DIRECTIONS – What should you transcribe? Every line from the top of the records below through the line with "#37=DIRECTION('',(0.,0.,1.));", exactly, and no pictures.

(Beginning of GIVEN DATA)

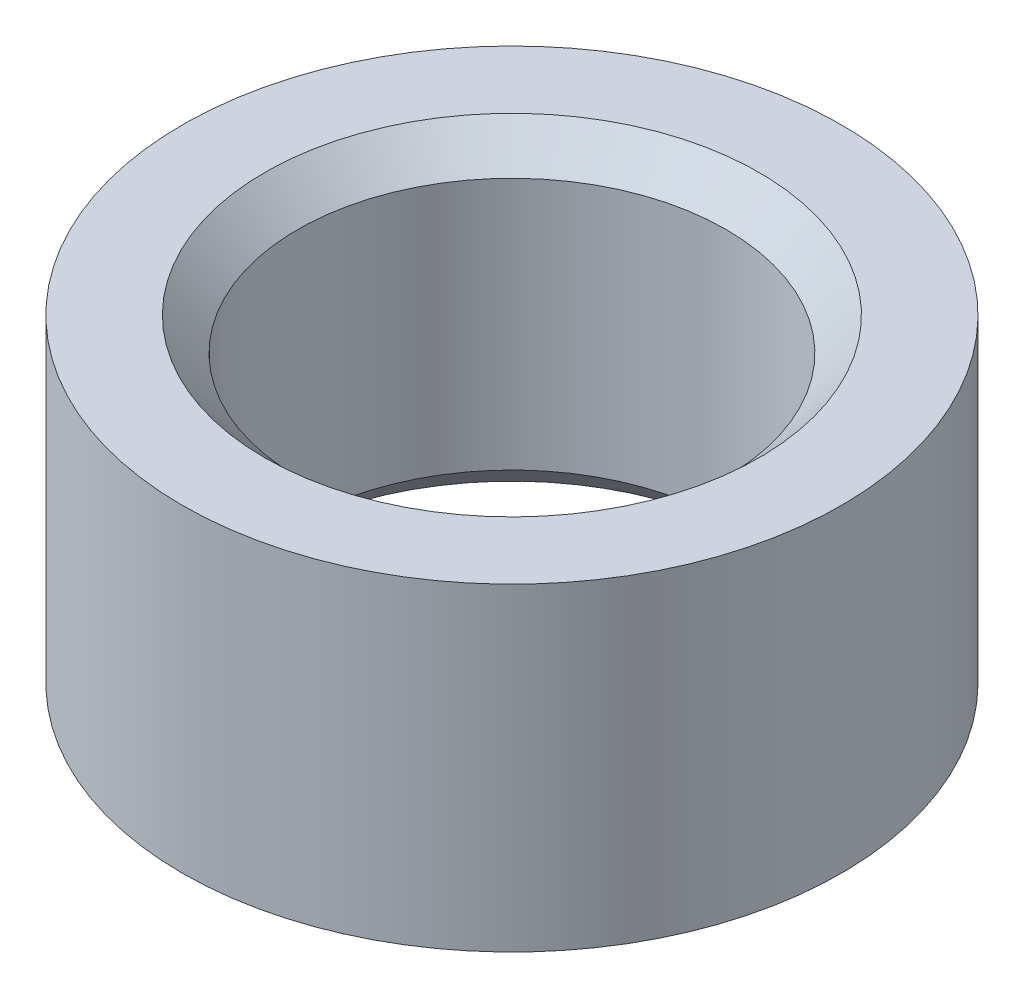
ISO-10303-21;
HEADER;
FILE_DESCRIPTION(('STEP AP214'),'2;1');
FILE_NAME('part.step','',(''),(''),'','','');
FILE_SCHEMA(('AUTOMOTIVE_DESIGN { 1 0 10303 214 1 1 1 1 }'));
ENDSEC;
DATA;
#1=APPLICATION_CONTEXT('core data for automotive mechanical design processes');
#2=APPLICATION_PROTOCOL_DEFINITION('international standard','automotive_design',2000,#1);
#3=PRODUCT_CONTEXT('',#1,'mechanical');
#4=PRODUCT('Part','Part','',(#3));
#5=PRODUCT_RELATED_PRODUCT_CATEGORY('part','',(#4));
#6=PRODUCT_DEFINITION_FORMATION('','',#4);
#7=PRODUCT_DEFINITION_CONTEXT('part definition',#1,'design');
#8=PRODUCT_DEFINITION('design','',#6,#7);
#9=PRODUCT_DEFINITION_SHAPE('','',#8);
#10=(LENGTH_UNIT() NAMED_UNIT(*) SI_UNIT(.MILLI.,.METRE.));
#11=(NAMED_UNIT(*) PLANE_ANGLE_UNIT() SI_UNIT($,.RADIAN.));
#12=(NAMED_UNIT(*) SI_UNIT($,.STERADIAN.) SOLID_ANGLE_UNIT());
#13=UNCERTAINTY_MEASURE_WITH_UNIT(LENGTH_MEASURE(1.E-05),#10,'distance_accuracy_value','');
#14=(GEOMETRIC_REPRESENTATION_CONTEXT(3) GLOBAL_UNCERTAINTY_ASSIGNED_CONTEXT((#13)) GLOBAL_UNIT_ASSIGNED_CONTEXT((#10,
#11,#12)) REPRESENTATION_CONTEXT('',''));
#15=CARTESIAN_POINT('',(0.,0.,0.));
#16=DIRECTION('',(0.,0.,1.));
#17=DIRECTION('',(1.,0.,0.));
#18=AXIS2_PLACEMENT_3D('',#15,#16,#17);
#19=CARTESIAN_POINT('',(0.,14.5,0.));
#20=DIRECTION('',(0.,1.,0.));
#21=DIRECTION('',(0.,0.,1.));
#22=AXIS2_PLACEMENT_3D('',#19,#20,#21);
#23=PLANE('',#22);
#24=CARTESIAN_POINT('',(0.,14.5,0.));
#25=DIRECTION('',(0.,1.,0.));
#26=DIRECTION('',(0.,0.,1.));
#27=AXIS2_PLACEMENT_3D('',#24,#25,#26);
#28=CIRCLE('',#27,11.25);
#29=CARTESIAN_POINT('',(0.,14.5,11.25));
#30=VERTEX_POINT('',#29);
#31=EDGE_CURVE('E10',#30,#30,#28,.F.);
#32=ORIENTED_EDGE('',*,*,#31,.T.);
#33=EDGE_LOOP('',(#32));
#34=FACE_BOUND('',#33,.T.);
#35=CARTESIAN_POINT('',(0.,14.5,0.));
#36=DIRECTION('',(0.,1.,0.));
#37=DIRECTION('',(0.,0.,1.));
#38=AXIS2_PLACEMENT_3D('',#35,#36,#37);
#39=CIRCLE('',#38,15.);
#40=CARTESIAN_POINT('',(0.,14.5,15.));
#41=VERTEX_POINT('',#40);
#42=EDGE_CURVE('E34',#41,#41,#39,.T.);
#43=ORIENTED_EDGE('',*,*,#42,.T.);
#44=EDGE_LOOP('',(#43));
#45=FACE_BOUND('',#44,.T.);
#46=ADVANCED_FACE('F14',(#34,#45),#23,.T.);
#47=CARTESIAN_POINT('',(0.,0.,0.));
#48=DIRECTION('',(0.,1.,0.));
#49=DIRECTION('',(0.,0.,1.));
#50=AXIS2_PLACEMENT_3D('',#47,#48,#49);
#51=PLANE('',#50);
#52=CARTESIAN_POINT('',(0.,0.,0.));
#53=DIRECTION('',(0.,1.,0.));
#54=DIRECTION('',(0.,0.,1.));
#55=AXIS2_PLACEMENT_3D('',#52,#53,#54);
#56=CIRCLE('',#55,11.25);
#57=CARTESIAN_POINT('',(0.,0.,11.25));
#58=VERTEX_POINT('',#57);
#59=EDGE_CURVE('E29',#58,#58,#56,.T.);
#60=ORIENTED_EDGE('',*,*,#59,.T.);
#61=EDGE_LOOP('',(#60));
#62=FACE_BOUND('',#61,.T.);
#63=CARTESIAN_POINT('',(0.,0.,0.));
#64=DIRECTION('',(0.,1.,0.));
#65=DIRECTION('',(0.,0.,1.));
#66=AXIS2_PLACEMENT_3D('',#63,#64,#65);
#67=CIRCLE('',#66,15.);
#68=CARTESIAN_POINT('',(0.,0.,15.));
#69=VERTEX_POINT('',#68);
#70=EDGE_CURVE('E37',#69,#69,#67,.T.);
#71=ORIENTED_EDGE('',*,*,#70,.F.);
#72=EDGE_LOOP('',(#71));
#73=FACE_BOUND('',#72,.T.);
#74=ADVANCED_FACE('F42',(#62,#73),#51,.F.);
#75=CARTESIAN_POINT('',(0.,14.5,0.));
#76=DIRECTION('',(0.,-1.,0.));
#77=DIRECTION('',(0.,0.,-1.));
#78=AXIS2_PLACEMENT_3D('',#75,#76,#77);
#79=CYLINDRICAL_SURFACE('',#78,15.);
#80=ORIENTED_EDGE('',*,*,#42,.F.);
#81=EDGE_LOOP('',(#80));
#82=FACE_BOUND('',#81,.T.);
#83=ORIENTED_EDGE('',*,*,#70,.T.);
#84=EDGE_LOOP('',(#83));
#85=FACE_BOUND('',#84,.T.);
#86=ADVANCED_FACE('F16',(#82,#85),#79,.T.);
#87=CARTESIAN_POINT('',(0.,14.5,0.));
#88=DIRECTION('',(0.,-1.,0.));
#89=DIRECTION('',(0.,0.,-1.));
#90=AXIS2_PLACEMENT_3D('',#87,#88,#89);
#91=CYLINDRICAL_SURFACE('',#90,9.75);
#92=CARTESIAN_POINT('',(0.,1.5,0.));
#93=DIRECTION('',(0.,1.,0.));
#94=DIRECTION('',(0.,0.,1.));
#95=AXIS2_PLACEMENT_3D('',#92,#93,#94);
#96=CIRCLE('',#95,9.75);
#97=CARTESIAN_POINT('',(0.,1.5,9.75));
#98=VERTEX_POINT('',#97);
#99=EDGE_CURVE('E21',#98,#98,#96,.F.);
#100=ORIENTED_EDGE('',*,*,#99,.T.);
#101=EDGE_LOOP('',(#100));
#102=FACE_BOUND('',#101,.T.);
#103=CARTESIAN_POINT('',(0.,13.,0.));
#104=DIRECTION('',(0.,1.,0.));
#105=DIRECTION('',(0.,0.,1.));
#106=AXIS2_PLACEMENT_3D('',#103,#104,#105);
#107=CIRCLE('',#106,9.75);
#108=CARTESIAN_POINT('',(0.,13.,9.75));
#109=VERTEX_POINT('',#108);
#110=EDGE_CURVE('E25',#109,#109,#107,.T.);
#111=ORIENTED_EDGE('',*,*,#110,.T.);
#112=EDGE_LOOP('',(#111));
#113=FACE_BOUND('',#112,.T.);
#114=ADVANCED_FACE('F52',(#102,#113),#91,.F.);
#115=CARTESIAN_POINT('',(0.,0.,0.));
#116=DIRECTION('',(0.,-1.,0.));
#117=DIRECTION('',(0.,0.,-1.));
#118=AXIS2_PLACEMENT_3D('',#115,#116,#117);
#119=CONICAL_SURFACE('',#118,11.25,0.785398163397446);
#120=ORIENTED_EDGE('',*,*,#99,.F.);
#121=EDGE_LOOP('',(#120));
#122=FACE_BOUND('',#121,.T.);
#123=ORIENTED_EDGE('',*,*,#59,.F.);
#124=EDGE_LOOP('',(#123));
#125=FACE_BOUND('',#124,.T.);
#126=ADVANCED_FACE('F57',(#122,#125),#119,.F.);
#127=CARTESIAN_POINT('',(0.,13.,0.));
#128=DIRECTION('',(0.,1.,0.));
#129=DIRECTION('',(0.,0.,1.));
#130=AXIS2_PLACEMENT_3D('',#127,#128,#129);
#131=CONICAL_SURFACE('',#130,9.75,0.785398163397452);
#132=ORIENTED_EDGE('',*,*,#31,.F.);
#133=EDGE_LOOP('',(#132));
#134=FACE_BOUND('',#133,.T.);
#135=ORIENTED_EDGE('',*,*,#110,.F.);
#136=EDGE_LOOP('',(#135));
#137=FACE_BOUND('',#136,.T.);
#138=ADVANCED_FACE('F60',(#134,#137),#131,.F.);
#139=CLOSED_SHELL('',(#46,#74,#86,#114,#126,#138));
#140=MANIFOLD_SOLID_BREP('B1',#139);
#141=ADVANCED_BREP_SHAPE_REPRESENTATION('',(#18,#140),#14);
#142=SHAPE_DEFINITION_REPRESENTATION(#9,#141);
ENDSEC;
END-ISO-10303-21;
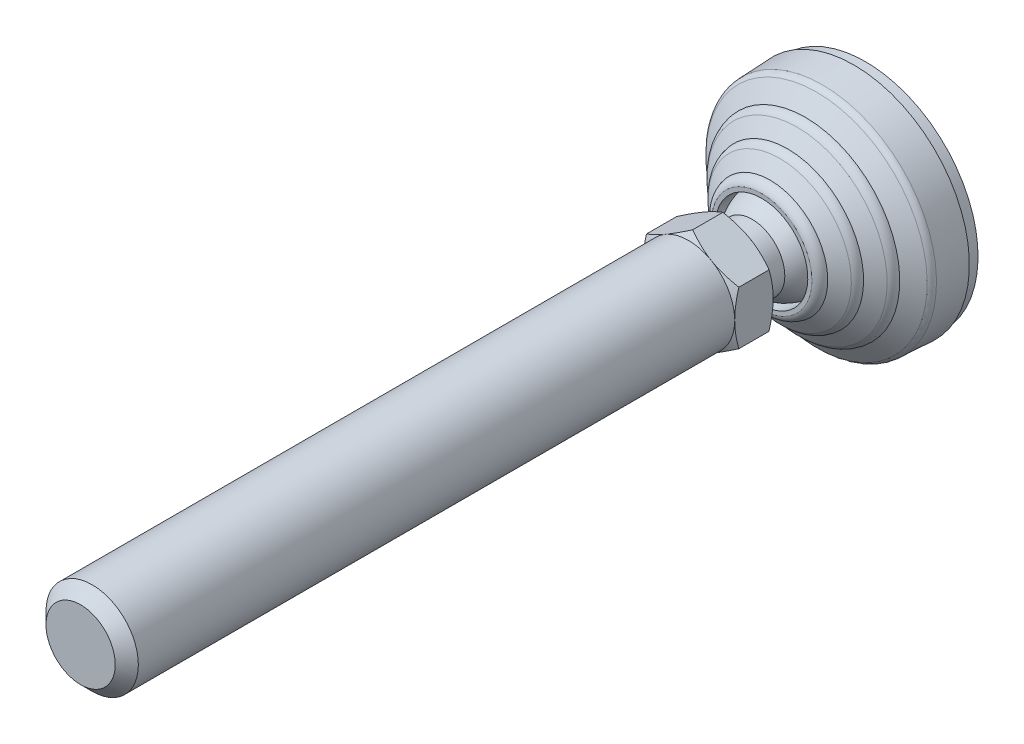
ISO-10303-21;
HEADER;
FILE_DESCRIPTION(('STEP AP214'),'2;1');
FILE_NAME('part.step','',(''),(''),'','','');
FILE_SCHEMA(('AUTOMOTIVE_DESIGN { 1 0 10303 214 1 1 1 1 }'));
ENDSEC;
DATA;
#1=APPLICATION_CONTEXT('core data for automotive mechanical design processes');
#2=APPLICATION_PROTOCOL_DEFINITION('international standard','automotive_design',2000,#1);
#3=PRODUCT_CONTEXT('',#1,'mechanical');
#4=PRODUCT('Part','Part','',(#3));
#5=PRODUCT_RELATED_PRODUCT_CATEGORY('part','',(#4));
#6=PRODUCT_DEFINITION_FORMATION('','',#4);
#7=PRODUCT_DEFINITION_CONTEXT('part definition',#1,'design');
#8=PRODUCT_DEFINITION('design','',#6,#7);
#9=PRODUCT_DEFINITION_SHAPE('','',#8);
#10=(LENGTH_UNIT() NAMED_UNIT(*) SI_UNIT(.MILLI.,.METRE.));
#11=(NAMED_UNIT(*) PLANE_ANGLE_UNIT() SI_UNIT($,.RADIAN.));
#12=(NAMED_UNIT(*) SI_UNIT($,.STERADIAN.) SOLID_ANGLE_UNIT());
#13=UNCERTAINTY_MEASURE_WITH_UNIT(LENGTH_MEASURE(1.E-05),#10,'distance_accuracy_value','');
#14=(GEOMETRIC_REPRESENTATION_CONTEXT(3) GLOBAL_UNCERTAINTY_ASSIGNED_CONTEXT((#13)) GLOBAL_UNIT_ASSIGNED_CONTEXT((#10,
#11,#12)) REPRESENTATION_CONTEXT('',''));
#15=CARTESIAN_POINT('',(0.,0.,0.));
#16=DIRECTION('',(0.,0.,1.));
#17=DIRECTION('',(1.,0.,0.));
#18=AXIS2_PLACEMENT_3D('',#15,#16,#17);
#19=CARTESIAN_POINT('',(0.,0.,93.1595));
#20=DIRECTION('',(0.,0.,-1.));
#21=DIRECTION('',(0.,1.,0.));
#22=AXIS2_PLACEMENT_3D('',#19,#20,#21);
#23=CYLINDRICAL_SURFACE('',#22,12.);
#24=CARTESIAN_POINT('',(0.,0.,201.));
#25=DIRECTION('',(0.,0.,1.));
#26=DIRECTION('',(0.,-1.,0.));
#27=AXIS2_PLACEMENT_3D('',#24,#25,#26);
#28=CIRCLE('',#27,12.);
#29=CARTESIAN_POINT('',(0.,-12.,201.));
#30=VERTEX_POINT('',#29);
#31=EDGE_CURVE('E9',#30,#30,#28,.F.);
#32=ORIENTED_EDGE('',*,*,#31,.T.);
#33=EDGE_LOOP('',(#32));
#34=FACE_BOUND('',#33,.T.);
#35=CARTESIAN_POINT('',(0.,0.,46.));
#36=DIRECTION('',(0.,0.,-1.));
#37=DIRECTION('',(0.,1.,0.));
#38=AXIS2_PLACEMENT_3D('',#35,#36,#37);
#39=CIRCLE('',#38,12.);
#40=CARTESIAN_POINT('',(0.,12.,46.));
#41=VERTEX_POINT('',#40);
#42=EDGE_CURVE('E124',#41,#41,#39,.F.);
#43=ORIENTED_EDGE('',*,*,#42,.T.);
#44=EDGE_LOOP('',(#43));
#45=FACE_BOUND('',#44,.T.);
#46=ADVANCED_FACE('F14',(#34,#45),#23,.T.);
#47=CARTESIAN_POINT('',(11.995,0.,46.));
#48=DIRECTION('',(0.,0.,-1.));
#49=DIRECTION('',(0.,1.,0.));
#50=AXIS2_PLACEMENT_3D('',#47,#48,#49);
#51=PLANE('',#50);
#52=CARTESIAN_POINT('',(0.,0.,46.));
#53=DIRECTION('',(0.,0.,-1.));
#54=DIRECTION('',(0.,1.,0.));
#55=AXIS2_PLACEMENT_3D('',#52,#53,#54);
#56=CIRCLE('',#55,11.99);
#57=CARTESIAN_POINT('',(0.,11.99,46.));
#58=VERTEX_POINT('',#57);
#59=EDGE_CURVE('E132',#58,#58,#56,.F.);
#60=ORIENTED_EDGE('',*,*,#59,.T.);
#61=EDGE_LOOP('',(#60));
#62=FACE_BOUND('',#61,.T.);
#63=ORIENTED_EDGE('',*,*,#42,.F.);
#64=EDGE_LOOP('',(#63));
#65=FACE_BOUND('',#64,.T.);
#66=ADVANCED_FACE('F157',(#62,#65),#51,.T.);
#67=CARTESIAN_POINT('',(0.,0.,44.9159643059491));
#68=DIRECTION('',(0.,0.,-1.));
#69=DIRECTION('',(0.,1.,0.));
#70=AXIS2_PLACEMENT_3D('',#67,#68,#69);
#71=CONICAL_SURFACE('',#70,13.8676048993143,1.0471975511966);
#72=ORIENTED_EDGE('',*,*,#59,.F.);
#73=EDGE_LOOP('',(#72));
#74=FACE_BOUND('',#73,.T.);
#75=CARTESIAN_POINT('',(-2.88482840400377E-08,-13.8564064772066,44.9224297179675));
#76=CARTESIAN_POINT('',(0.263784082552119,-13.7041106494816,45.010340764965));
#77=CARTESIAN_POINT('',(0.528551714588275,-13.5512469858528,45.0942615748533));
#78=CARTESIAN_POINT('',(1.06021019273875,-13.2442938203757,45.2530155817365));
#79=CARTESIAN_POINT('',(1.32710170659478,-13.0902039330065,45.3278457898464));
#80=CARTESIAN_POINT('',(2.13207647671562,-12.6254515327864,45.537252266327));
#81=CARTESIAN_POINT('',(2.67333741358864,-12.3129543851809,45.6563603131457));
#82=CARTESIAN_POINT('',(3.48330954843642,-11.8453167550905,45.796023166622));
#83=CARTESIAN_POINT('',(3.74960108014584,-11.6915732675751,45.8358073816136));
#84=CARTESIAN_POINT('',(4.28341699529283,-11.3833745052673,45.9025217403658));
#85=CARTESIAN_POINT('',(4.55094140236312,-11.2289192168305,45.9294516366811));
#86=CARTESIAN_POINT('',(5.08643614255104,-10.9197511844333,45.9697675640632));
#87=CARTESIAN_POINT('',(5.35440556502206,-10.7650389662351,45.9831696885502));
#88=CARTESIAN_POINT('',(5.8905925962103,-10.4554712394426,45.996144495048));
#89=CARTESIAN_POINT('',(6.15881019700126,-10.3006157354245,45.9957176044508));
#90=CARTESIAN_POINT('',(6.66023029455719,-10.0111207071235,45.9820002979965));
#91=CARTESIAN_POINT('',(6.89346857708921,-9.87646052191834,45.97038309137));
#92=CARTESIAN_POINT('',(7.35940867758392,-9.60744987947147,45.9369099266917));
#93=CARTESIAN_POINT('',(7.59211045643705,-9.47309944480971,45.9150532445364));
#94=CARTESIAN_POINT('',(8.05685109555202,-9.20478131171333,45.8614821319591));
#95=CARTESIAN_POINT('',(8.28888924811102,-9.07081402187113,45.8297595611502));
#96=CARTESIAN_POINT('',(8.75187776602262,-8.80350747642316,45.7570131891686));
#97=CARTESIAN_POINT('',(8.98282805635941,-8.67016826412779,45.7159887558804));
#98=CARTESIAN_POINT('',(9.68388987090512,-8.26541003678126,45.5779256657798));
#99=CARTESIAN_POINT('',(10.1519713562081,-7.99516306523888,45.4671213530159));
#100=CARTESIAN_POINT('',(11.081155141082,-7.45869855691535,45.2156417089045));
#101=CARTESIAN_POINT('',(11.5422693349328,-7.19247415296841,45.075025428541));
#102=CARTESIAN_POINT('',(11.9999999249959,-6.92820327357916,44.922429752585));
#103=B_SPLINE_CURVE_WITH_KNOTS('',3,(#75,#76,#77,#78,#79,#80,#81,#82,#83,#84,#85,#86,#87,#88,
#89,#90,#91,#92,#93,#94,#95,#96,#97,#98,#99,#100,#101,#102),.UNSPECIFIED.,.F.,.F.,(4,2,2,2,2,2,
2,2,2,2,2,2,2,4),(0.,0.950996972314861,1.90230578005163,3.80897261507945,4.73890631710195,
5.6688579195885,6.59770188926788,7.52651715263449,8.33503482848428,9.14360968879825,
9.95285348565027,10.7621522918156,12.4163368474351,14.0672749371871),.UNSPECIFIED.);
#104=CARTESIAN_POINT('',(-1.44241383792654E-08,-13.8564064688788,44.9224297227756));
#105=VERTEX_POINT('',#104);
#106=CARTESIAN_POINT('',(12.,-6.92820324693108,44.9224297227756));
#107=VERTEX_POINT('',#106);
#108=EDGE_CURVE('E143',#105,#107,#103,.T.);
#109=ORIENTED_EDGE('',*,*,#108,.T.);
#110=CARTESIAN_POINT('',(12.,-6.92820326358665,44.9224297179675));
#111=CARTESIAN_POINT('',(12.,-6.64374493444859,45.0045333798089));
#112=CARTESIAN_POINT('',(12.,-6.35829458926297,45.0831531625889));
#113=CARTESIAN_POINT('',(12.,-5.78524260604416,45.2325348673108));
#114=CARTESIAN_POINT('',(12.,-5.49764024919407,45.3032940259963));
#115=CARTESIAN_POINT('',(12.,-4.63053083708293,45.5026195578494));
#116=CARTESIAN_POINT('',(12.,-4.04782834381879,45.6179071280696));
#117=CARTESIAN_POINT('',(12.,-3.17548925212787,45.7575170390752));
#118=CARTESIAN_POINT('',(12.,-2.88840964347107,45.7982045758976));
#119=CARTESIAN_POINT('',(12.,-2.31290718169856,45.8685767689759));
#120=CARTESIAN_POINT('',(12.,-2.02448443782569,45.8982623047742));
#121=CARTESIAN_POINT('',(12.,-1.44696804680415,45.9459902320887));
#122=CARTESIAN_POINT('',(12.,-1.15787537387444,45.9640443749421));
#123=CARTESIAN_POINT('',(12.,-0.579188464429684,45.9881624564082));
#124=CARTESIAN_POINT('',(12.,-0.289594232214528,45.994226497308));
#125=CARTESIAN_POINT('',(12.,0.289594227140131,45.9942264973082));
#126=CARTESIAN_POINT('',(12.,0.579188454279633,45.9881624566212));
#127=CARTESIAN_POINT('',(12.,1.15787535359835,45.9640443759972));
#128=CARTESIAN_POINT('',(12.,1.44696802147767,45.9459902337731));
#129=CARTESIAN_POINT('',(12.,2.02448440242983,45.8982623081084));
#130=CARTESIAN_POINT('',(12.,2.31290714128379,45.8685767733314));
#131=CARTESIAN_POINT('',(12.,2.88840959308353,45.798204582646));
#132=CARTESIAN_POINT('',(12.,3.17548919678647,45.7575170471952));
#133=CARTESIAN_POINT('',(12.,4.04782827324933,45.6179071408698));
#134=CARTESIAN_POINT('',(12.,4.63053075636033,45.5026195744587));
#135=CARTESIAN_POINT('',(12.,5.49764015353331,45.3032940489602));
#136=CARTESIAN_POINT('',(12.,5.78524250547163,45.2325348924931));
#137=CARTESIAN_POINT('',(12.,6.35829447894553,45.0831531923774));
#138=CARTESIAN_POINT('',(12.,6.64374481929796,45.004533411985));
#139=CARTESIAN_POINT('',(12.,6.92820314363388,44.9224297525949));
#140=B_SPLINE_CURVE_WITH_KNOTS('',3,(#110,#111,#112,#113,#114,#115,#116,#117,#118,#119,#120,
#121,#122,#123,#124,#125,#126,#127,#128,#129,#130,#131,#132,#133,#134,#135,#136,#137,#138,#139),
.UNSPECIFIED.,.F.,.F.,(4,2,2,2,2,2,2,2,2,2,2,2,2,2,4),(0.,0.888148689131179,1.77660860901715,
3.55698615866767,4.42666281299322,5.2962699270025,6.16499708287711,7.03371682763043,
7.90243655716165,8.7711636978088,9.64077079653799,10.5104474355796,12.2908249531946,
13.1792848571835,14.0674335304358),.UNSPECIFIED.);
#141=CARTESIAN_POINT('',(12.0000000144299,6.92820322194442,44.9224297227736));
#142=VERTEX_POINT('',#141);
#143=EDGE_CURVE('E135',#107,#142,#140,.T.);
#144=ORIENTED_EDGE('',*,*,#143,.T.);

(End of GIVEN DATA)

EXERCISE RESPONSE –
ISO-10303-21;
HEADER;
FILE_DESCRIPTION(('STEP AP214'),'2;1');
FILE_NAME('part.step','',(''),(''),'','','');
FILE_SCHEMA(('AUTOMOTIVE_DESIGN { 1 0 10303 214 1 1 1 1 }'));
ENDSEC;
DATA;
#1=APPLICATION_CONTEXT('core data for automotive mechanical design processes');
#2=APPLICATION_PROTOCOL_DEFINITION('international standard','automotive_design',2000,#1);
#3=PRODUCT_CONTEXT('',#1,'mechanical');
#4=PRODUCT('Part','Part','',(#3));
#5=PRODUCT_RELATED_PRODUCT_CATEGORY('part','',(#4));
#6=PRODUCT_DEFINITION_FORMATION('','',#4);
#7=PRODUCT_DEFINITION_CONTEXT('part definition',#1,'design');
#8=PRODUCT_DEFINITION('design','',#6,#7);
#9=PRODUCT_DEFINITION_SHAPE('','',#8);
#10=(LENGTH_UNIT() NAMED_UNIT(*) SI_UNIT(.MILLI.,.METRE.));
#11=(NAMED_UNIT(*) PLANE_ANGLE_UNIT() SI_UNIT($,.RADIAN.));
#12=(NAMED_UNIT(*) SI_UNIT($,.STERADIAN.) SOLID_ANGLE_UNIT());
#13=UNCERTAINTY_MEASURE_WITH_UNIT(LENGTH_MEASURE(1.E-05),#10,'distance_accuracy_value','');
#14=(GEOMETRIC_REPRESENTATION_CONTEXT(3) GLOBAL_UNCERTAINTY_ASSIGNED_CONTEXT((#13)) GLOBAL_UNIT_ASSIGNED_CONTEXT((#10,
#11,#12)) REPRESENTATION_CONTEXT('',''));
#15=CARTESIAN_POINT('',(0.,0.,0.));
#16=DIRECTION('',(0.,0.,1.));
#17=DIRECTION('',(1.,0.,0.));
#18=AXIS2_PLACEMENT_3D('',#15,#16,#17);
#19=CARTESIAN_POINT('',(0.,14.5,0.));
#20=DIRECTION('',(0.,1.,0.));
#21=DIRECTION('',(0.,0.,1.));
#22=AXIS2_PLACEMENT_3D('',#19,#20,#21);
#23=PLANE('',#22);
#24=CARTESIAN_POINT('',(0.,14.5,0.));
#25=DIRECTION('',(0.,1.,0.));
#26=DIRECTION('',(0.,0.,1.));
#27=AXIS2_PLACEMENT_3D('',#24,#25,#26);
#28=CIRCLE('',#27,11.25);
#29=CARTESIAN_POINT('',(0.,14.5,11.25));
#30=VERTEX_POINT('',#29);
#31=EDGE_CURVE('E10',#30,#30,#28,.F.);
#32=ORIENTED_EDGE('',*,*,#31,.T.);
#33=EDGE_LOOP('',(#32));
#34=FACE_BOUND('',#33,.T.);
#35=CARTESIAN_POINT('',(0.,14.5,0.));
#36=DIRECTION('',(0.,1.,0.));
#37=DIRECTION('',(0.,0.,1.));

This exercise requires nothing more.